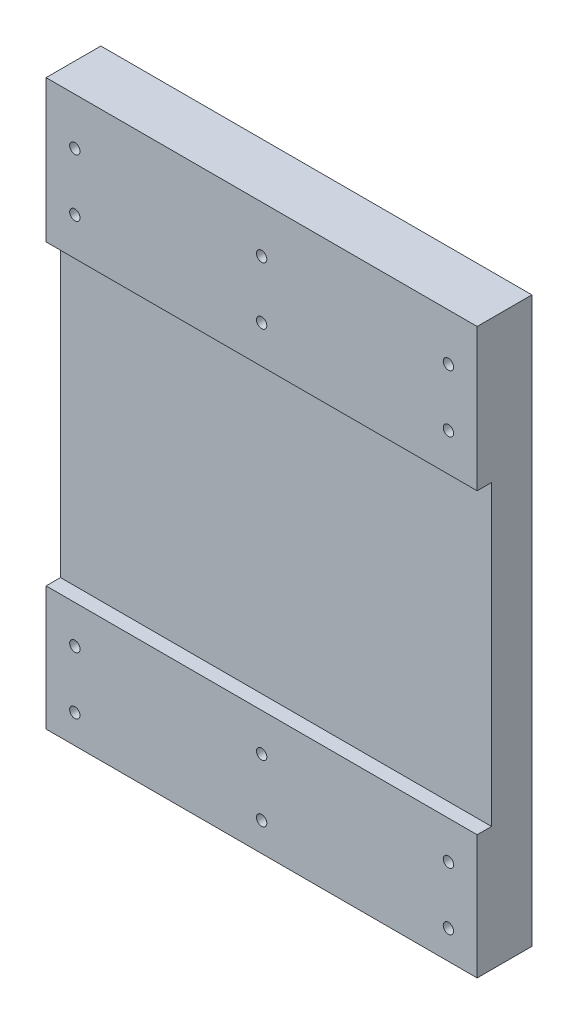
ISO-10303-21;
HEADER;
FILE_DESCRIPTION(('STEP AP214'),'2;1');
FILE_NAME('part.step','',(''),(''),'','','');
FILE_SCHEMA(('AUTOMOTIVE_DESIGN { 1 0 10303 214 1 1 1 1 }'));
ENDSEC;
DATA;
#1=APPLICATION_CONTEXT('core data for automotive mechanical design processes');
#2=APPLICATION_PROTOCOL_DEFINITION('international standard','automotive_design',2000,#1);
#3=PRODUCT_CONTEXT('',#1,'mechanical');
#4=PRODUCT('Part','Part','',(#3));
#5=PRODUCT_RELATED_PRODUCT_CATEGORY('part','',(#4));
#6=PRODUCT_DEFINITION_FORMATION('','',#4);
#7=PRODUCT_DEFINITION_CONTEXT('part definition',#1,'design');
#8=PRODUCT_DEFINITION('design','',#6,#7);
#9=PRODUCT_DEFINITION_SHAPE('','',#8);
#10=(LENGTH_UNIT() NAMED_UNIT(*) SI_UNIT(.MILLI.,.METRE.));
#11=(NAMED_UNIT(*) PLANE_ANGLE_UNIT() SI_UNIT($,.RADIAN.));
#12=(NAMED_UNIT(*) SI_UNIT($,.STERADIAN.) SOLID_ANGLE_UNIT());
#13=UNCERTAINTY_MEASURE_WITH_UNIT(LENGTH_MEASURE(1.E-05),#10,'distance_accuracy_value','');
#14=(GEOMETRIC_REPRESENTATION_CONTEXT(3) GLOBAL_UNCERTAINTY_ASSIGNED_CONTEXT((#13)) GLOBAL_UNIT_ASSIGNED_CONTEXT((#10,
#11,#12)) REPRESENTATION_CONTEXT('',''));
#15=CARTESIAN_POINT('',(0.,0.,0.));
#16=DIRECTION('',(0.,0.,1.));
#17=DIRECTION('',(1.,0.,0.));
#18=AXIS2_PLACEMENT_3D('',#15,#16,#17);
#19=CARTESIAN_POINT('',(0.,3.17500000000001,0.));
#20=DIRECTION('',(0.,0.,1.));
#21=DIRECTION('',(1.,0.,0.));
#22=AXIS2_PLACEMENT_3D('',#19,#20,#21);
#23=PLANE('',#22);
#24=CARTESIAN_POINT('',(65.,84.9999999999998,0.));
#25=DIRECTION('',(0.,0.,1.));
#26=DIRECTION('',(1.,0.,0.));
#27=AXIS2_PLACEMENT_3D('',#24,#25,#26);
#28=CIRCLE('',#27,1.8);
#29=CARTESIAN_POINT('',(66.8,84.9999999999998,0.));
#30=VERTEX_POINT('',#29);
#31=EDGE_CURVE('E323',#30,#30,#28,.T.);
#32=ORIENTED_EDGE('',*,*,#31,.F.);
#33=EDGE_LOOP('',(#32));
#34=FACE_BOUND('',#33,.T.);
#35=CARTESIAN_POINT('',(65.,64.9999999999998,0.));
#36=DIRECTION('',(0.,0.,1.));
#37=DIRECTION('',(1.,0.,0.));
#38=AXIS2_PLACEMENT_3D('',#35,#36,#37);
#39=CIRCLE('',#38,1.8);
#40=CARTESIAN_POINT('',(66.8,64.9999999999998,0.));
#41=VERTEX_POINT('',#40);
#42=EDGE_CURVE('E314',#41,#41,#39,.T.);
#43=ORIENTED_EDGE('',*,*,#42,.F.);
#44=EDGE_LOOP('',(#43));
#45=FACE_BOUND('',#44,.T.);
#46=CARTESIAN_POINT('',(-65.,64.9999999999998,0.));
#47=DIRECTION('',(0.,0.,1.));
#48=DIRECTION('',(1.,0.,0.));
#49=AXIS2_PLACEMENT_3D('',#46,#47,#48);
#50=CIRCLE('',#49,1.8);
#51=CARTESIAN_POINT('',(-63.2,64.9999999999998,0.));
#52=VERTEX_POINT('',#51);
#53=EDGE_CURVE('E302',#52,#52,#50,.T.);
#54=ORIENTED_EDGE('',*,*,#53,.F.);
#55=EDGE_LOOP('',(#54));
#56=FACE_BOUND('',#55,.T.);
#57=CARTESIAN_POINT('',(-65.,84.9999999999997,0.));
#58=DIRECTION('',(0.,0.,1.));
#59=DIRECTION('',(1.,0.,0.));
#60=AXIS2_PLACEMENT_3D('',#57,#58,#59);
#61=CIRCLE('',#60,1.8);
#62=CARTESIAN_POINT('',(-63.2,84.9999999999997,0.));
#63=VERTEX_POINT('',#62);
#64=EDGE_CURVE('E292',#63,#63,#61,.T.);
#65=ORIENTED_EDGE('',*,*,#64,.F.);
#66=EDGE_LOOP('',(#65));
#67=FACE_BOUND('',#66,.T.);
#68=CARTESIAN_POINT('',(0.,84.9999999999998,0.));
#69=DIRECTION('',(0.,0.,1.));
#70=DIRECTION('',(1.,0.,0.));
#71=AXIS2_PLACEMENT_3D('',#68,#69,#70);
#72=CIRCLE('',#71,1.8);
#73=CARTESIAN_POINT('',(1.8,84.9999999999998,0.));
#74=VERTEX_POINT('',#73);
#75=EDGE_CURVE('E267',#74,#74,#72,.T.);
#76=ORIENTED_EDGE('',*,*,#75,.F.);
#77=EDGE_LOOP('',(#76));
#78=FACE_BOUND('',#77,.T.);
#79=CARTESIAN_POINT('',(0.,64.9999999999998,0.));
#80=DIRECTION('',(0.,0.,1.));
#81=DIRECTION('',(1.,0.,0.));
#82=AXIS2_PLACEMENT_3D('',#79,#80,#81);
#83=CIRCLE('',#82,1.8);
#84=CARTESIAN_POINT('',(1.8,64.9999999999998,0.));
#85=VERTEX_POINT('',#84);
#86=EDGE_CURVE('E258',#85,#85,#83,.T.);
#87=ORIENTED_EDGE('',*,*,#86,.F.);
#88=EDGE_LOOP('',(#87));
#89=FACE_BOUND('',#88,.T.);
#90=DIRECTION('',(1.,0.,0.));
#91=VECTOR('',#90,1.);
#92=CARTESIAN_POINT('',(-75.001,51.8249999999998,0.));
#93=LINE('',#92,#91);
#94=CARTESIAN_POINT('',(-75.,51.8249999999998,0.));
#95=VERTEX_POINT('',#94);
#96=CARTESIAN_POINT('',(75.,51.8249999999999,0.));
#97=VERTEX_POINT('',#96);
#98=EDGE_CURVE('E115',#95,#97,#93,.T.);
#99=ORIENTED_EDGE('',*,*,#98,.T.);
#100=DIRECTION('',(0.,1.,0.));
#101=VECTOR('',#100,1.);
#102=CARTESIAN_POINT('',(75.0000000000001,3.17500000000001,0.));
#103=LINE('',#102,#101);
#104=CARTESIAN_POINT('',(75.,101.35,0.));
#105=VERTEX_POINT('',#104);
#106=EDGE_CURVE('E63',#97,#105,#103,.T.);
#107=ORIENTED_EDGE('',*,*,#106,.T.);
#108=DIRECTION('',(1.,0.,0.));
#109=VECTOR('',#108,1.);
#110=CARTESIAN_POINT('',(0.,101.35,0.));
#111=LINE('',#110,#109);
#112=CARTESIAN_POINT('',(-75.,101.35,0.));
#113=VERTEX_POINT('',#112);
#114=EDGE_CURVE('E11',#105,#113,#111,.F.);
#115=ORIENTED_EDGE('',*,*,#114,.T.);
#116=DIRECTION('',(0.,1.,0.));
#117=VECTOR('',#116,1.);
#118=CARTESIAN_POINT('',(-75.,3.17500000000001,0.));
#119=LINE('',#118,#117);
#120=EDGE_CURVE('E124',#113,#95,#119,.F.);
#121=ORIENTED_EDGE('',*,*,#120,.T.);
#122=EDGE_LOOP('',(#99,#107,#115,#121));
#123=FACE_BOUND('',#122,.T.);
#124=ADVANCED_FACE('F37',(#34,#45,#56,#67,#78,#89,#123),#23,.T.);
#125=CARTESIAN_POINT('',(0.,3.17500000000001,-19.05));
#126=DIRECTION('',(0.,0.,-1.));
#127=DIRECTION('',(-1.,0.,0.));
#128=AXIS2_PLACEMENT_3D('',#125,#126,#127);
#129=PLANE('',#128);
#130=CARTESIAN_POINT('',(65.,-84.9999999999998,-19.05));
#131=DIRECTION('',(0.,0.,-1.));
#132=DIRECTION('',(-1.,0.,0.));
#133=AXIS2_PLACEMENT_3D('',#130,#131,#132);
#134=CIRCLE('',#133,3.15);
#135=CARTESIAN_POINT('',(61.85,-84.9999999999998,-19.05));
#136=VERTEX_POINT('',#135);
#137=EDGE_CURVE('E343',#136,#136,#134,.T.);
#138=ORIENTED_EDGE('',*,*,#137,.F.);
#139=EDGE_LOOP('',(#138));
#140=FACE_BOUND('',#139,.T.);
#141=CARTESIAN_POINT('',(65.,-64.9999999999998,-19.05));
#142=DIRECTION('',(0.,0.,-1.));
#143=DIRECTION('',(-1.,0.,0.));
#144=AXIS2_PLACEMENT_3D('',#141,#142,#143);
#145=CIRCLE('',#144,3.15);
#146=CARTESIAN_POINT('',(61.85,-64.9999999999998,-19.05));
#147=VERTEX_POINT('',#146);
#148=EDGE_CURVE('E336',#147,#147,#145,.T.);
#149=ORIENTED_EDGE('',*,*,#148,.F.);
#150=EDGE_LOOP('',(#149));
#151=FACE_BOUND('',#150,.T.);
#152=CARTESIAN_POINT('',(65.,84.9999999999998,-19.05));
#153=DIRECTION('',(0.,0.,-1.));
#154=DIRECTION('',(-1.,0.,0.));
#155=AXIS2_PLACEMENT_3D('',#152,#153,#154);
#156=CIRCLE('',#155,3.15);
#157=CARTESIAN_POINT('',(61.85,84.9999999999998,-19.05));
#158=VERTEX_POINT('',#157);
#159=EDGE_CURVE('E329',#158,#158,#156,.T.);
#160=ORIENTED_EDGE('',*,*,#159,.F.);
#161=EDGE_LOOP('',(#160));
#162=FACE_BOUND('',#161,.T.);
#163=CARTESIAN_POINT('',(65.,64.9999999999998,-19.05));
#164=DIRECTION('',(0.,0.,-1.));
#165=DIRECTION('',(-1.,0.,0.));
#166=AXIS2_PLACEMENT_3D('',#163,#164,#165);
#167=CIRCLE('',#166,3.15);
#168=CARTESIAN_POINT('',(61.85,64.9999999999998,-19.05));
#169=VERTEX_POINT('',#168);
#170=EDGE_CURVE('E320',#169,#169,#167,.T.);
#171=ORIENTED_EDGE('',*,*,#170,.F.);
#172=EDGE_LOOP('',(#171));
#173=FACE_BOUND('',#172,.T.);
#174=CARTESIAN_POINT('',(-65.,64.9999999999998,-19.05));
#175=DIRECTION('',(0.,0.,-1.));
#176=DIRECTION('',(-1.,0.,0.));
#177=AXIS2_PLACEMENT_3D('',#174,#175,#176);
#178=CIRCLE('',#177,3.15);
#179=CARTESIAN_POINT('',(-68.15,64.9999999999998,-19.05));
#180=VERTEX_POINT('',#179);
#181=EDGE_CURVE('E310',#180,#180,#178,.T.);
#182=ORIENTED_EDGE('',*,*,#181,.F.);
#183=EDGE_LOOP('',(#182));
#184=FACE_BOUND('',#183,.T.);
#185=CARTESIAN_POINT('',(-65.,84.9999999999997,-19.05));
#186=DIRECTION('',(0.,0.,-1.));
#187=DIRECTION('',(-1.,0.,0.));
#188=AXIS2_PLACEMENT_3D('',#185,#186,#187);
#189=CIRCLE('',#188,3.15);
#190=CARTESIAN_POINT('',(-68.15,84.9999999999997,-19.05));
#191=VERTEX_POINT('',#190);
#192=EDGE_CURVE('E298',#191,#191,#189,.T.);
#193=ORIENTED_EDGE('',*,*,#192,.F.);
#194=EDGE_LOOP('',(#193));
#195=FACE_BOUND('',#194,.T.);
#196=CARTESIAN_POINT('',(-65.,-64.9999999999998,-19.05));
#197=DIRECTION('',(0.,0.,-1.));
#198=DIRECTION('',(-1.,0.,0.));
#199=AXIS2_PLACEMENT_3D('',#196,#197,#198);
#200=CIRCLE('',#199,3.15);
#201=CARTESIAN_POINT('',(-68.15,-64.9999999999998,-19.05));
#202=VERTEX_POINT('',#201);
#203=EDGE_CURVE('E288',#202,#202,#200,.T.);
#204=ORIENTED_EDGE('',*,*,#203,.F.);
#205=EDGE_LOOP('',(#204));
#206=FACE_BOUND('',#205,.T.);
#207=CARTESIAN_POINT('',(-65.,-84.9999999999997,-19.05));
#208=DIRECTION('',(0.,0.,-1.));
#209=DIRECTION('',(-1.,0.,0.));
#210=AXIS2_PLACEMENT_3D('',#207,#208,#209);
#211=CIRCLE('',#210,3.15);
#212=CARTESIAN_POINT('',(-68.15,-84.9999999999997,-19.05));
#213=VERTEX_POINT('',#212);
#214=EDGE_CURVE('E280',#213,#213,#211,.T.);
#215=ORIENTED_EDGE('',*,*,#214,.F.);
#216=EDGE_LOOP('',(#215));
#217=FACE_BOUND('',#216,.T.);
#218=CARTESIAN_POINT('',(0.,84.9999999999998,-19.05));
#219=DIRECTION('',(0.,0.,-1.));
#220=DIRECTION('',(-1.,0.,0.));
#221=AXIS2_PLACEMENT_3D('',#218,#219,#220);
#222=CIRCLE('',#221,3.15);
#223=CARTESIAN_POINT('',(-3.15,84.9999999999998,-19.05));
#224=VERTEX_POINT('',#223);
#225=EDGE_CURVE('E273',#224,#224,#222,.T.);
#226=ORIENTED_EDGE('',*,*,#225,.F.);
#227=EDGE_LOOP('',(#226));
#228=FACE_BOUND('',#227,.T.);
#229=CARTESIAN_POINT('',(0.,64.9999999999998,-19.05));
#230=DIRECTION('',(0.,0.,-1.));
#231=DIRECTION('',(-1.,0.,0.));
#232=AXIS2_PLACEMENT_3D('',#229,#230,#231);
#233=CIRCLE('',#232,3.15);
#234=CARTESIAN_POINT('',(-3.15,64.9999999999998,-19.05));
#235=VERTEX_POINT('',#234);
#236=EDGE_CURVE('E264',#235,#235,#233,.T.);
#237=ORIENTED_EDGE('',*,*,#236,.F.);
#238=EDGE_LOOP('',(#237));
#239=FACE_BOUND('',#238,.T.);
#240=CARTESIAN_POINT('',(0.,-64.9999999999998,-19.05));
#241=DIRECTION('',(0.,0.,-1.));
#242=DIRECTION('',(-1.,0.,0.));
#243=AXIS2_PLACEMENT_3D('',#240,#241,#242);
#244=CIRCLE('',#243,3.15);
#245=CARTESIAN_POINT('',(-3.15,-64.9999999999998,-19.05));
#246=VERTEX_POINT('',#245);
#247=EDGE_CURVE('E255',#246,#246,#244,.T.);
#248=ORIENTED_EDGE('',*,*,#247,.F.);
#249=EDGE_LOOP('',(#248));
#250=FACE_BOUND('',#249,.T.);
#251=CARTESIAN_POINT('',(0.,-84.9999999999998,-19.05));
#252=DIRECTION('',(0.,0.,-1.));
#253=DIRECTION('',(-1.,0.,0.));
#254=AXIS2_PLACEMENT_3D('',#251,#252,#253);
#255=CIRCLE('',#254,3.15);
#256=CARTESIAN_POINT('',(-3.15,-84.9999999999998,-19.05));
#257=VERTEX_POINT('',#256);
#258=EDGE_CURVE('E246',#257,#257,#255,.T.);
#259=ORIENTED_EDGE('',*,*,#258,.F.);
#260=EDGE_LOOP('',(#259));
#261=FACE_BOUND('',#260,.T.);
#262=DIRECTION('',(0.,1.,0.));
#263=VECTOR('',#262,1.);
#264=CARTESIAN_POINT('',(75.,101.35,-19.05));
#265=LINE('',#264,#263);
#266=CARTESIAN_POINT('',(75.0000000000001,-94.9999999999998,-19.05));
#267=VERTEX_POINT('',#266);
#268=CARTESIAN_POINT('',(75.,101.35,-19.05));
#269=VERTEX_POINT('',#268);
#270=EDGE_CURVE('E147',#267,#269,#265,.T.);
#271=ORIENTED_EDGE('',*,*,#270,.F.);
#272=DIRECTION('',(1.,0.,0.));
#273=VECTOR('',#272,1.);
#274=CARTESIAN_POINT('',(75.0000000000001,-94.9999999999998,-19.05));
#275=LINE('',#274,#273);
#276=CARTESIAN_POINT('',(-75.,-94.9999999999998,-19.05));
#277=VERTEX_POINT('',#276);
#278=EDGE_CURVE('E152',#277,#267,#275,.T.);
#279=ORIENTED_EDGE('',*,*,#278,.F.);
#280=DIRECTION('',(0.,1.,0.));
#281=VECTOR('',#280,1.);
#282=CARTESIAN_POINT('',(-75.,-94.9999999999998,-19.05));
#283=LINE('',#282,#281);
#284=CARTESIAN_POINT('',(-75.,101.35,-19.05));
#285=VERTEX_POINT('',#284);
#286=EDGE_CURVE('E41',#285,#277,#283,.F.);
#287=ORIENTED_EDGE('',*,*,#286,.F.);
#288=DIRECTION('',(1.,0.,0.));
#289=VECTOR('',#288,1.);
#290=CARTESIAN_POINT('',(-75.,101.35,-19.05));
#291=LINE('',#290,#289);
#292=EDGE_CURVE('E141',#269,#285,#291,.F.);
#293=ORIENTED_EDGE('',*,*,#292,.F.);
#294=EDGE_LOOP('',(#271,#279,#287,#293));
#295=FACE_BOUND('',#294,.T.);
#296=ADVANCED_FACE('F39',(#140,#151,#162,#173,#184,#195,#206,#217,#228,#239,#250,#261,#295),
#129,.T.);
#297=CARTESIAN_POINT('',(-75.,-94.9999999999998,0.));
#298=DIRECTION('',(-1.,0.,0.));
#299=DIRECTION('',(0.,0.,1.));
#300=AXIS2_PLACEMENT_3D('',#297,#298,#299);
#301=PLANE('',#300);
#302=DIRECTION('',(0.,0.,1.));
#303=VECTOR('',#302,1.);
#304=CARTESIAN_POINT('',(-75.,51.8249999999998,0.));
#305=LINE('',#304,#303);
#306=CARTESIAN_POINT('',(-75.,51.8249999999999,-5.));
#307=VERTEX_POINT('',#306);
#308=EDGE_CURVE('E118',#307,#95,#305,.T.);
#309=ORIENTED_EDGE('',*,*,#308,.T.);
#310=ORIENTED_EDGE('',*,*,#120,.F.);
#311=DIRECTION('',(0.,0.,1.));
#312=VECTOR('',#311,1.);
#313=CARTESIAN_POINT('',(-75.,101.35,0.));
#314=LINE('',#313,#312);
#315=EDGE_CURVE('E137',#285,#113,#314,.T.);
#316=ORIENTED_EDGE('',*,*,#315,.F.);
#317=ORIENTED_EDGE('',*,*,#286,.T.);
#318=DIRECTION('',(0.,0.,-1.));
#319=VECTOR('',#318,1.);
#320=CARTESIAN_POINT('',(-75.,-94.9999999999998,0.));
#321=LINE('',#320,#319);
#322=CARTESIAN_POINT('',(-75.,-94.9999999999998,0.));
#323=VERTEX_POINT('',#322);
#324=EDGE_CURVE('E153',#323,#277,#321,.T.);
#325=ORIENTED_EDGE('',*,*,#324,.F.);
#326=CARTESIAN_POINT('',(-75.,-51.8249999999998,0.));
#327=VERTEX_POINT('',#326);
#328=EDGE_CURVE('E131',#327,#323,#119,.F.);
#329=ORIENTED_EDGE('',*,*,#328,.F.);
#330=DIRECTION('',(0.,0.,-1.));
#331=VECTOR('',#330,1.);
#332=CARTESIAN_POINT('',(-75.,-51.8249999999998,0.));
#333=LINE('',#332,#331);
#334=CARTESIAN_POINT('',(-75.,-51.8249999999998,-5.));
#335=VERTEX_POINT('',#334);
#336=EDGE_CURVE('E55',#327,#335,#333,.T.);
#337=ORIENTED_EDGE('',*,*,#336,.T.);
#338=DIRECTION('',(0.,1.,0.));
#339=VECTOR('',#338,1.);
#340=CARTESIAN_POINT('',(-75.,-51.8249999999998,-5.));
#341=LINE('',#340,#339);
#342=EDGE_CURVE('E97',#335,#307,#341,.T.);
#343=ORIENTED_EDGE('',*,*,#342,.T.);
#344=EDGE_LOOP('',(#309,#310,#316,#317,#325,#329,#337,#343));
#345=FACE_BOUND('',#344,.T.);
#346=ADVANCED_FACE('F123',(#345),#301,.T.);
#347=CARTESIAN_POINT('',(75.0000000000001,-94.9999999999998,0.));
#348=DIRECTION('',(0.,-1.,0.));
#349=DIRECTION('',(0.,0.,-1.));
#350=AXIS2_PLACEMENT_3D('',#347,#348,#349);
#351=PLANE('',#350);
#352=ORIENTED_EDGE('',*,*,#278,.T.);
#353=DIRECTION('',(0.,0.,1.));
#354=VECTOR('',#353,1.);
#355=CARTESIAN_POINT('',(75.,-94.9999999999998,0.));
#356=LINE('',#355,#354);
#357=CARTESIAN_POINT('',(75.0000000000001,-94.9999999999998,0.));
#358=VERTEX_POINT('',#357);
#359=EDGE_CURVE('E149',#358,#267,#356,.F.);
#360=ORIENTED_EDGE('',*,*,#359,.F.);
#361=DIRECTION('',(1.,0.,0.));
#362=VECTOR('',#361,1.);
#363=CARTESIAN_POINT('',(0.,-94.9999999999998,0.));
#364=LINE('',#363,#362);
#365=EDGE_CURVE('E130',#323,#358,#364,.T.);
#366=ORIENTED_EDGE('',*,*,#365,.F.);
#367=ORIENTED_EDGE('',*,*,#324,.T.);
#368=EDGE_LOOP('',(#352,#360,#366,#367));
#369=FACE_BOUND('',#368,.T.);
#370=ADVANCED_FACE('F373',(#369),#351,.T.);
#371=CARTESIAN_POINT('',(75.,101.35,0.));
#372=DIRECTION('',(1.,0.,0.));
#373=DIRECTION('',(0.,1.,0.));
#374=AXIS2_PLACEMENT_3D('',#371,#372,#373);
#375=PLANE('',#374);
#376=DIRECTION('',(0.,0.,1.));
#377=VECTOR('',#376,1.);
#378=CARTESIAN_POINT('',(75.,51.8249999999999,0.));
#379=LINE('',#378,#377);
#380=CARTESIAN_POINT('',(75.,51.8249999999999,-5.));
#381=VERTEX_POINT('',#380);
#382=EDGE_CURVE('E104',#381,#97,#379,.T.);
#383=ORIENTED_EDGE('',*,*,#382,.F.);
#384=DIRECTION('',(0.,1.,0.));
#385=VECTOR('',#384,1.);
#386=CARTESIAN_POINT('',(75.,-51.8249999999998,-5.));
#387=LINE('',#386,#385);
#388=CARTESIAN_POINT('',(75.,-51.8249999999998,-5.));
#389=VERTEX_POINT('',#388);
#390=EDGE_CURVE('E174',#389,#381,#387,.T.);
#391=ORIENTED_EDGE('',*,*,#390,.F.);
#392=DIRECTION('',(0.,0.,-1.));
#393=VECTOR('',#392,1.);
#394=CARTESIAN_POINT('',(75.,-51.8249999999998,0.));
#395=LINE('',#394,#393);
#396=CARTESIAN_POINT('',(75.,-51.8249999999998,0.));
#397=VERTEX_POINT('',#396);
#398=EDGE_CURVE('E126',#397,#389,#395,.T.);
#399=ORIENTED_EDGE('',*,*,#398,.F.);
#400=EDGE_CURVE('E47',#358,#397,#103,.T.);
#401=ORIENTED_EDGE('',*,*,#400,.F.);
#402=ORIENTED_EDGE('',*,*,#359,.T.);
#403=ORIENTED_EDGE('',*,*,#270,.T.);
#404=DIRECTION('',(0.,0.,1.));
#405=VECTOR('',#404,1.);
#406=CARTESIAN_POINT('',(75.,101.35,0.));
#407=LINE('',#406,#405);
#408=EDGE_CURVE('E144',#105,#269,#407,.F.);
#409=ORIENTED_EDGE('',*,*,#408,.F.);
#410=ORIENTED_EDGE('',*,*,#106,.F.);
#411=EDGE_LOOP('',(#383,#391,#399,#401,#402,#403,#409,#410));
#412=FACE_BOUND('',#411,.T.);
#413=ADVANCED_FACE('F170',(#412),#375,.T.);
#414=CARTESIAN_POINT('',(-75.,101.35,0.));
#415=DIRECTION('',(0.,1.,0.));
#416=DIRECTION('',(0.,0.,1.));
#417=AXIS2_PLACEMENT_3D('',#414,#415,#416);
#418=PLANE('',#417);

· · · · · · ·

Your answer must be the lines from the opening line of the entries through the line holding "#10=(LENGTH_UNIT() NAMED_UNIT(*) SI_UNIT(.MILLI.,.METRE.));", written out exactly and without any picture.

ISO-10303-21;
HEADER;
FILE_DESCRIPTION(('STEP AP214'),'2;1');
FILE_NAME('part.step','',(''),(''),'','','');
FILE_SCHEMA(('AUTOMOTIVE_DESIGN { 1 0 10303 214 1 1 1 1 }'));
ENDSEC;
DATA;
#1=APPLICATION_CONTEXT('core data for automotive mechanical design processes');
#2=APPLICATION_PROTOCOL_DEFINITION('international standard','automotive_design',2000,#1);
#3=PRODUCT_CONTEXT('',#1,'mechanical');
#4=PRODUCT('Part','Part','',(#3));
#5=PRODUCT_RELATED_PRODUCT_CATEGORY('part','',(#4));
#6=PRODUCT_DEFINITION_FORMATION('','',#4);
#7=PRODUCT_DEFINITION_CONTEXT('part definition',#1,'design');
#8=PRODUCT_DEFINITION('design','',#6,#7);
#9=PRODUCT_DEFINITION_SHAPE('','',#8);
#10=(LENGTH_UNIT() NAMED_UNIT(*) SI_UNIT(.MILLI.,.METRE.));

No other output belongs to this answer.